For every line of the records below that holds "settings", add one. Give only the final total.

Records excerpted from a collection ▸
──────────────────────────────
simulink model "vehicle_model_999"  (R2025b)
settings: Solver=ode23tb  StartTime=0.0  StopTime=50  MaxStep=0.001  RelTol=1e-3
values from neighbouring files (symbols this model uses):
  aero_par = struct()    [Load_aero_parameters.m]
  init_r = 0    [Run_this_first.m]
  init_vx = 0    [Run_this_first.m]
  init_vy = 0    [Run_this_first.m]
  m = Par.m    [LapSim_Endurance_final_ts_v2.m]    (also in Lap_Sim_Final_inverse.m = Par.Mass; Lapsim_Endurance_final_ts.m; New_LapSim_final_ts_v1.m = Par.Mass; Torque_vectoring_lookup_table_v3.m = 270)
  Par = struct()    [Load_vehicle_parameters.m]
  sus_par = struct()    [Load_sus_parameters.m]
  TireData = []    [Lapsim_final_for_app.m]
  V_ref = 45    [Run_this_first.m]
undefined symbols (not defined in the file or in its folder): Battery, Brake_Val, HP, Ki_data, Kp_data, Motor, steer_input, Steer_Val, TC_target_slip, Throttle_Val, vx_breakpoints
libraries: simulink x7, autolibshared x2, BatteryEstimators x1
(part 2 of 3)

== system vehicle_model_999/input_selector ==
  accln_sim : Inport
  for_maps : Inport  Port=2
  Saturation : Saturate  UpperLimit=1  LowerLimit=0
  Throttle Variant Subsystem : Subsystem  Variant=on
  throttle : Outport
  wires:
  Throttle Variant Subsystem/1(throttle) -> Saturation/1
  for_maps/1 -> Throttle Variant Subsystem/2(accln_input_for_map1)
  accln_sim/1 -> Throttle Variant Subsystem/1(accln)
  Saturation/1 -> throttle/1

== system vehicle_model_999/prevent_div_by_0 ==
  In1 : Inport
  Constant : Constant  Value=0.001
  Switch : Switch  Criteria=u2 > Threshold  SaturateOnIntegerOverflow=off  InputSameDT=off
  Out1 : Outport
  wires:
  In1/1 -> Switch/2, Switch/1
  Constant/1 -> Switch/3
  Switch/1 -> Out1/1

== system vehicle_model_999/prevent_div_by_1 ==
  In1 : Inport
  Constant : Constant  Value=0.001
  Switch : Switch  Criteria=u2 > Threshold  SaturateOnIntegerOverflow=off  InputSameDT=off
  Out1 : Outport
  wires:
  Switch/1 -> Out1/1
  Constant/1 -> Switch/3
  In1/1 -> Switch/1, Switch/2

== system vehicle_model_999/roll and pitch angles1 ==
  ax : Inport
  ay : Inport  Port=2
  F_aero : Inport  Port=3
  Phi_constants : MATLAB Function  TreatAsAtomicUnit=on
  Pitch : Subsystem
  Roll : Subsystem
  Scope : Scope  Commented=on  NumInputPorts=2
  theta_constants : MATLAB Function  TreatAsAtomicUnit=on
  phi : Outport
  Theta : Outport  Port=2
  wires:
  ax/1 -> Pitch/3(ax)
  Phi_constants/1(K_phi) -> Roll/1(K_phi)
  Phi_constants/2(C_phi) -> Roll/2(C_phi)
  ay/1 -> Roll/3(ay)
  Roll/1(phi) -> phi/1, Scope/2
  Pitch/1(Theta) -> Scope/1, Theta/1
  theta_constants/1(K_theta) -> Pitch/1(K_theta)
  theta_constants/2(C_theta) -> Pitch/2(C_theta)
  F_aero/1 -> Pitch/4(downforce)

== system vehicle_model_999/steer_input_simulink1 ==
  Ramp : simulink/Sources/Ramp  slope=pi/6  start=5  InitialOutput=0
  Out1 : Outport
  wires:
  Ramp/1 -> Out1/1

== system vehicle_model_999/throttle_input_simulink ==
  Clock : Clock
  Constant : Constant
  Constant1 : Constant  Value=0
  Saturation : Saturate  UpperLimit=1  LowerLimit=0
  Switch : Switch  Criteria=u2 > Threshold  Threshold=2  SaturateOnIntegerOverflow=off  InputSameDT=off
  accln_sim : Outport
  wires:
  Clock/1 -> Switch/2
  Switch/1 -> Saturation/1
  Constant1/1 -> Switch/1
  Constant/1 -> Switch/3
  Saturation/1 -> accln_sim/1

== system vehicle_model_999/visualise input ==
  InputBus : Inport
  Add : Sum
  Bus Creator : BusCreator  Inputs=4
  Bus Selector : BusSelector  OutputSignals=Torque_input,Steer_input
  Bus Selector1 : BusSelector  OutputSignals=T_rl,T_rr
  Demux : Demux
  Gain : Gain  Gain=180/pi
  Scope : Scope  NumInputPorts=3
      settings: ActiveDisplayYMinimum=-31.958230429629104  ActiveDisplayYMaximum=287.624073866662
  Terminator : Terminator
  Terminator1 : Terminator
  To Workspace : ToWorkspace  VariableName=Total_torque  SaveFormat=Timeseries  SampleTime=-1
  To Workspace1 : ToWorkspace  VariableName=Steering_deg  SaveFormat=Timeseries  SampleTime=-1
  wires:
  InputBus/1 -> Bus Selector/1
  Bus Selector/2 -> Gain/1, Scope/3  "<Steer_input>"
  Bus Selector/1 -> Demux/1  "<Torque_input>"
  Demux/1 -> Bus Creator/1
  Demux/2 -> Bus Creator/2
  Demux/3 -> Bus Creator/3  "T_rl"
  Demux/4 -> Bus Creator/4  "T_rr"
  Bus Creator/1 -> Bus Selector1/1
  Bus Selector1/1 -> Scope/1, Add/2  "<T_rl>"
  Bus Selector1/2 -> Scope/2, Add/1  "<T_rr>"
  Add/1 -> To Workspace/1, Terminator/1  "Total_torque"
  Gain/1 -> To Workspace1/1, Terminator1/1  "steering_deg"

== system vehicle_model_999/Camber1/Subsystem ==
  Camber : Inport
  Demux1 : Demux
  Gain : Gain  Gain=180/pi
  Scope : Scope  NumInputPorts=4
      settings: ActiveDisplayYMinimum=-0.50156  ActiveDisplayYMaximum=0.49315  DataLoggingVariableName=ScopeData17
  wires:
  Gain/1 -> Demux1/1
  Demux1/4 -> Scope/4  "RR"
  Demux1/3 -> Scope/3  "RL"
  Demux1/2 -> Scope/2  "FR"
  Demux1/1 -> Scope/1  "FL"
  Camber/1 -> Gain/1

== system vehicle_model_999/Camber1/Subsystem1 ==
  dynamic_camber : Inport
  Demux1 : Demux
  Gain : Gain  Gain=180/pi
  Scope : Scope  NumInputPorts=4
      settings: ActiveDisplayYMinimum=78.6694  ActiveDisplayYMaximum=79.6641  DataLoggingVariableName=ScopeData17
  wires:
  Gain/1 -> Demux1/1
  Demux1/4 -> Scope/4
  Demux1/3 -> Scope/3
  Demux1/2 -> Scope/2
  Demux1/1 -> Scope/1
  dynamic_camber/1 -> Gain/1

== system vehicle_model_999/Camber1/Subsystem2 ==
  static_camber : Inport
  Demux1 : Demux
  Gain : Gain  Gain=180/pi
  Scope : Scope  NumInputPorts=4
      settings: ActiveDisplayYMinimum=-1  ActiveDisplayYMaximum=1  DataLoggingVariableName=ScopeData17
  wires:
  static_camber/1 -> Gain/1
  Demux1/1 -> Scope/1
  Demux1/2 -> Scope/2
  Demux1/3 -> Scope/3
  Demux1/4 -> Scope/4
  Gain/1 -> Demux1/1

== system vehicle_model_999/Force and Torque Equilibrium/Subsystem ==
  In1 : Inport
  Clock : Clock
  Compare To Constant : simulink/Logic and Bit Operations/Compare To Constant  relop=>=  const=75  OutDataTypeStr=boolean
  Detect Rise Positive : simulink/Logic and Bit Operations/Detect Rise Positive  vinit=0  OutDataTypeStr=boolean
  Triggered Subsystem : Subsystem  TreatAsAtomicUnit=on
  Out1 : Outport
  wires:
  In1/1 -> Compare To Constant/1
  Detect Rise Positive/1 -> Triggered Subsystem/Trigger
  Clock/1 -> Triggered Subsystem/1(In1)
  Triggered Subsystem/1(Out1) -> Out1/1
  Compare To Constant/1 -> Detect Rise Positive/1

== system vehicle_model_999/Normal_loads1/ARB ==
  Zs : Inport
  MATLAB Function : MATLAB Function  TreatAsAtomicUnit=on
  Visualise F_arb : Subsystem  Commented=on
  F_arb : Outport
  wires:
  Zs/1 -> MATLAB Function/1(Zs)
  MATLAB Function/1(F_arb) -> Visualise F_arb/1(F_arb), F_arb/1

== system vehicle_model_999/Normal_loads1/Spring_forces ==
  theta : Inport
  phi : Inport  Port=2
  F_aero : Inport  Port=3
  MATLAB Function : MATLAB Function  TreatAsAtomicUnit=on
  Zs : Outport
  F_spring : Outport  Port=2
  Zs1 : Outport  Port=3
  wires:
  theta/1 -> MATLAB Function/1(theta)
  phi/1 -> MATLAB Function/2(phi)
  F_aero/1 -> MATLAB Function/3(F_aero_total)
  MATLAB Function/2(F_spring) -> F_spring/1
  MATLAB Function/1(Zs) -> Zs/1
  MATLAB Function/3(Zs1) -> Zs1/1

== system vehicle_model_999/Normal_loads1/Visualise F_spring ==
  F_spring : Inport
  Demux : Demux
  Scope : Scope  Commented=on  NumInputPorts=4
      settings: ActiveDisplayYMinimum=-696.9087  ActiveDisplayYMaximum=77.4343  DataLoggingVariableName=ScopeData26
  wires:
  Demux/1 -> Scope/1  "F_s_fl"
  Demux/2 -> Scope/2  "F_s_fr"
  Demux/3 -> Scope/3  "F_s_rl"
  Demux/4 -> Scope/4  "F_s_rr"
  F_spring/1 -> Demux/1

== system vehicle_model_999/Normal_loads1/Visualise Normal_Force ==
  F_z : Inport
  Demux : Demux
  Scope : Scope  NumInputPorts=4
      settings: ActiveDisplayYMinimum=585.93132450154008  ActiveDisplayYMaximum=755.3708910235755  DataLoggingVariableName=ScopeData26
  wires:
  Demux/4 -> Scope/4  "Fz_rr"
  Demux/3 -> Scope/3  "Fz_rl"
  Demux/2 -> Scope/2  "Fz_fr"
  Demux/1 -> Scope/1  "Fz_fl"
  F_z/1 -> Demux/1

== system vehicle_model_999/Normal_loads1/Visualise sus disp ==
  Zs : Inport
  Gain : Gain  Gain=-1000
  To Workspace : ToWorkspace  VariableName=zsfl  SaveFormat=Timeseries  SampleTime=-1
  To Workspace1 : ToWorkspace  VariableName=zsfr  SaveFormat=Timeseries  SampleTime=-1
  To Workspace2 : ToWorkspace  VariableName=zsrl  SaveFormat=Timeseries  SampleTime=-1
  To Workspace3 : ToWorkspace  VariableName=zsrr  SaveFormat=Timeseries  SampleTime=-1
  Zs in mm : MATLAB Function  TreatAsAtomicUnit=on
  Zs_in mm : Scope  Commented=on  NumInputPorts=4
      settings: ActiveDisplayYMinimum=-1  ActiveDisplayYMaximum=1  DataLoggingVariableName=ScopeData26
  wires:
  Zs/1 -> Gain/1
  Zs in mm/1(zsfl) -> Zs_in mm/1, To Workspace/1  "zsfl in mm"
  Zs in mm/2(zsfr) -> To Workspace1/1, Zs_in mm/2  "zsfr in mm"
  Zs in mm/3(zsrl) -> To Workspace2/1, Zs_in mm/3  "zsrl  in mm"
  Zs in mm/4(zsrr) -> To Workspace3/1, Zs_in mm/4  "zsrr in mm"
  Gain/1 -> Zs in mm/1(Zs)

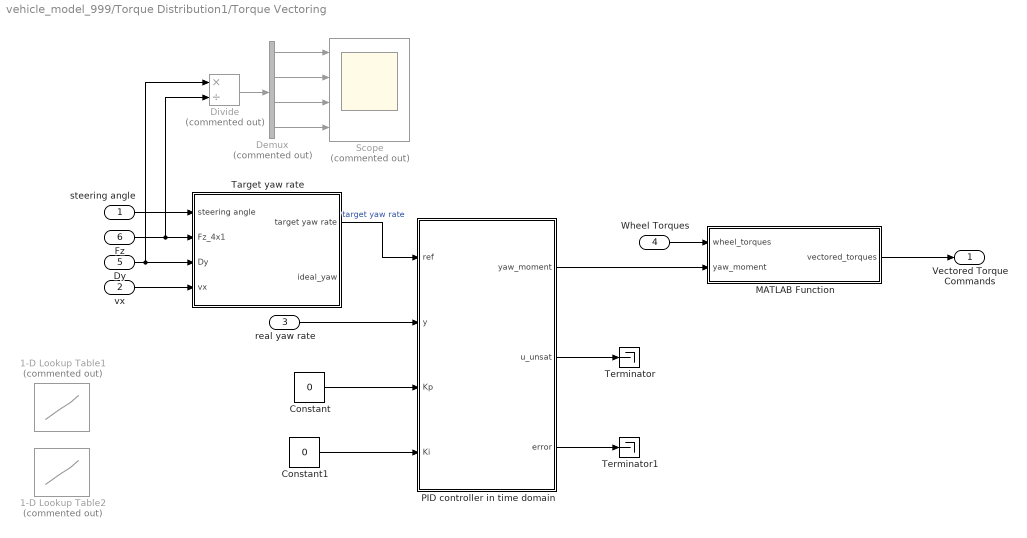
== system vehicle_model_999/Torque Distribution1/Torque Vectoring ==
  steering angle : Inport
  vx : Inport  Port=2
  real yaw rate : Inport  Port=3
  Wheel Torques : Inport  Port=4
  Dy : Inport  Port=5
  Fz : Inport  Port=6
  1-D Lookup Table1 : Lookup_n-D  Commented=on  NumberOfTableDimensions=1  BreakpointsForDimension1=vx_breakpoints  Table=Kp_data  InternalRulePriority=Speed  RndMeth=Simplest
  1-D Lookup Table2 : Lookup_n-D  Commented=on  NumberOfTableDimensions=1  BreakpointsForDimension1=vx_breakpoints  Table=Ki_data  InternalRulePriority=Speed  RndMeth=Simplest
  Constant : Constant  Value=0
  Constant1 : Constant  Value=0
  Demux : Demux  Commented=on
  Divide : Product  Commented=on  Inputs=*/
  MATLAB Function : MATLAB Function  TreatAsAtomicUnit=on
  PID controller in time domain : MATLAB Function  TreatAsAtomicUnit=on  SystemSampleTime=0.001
──────────────────────────────
Response to the exercise ▸ 8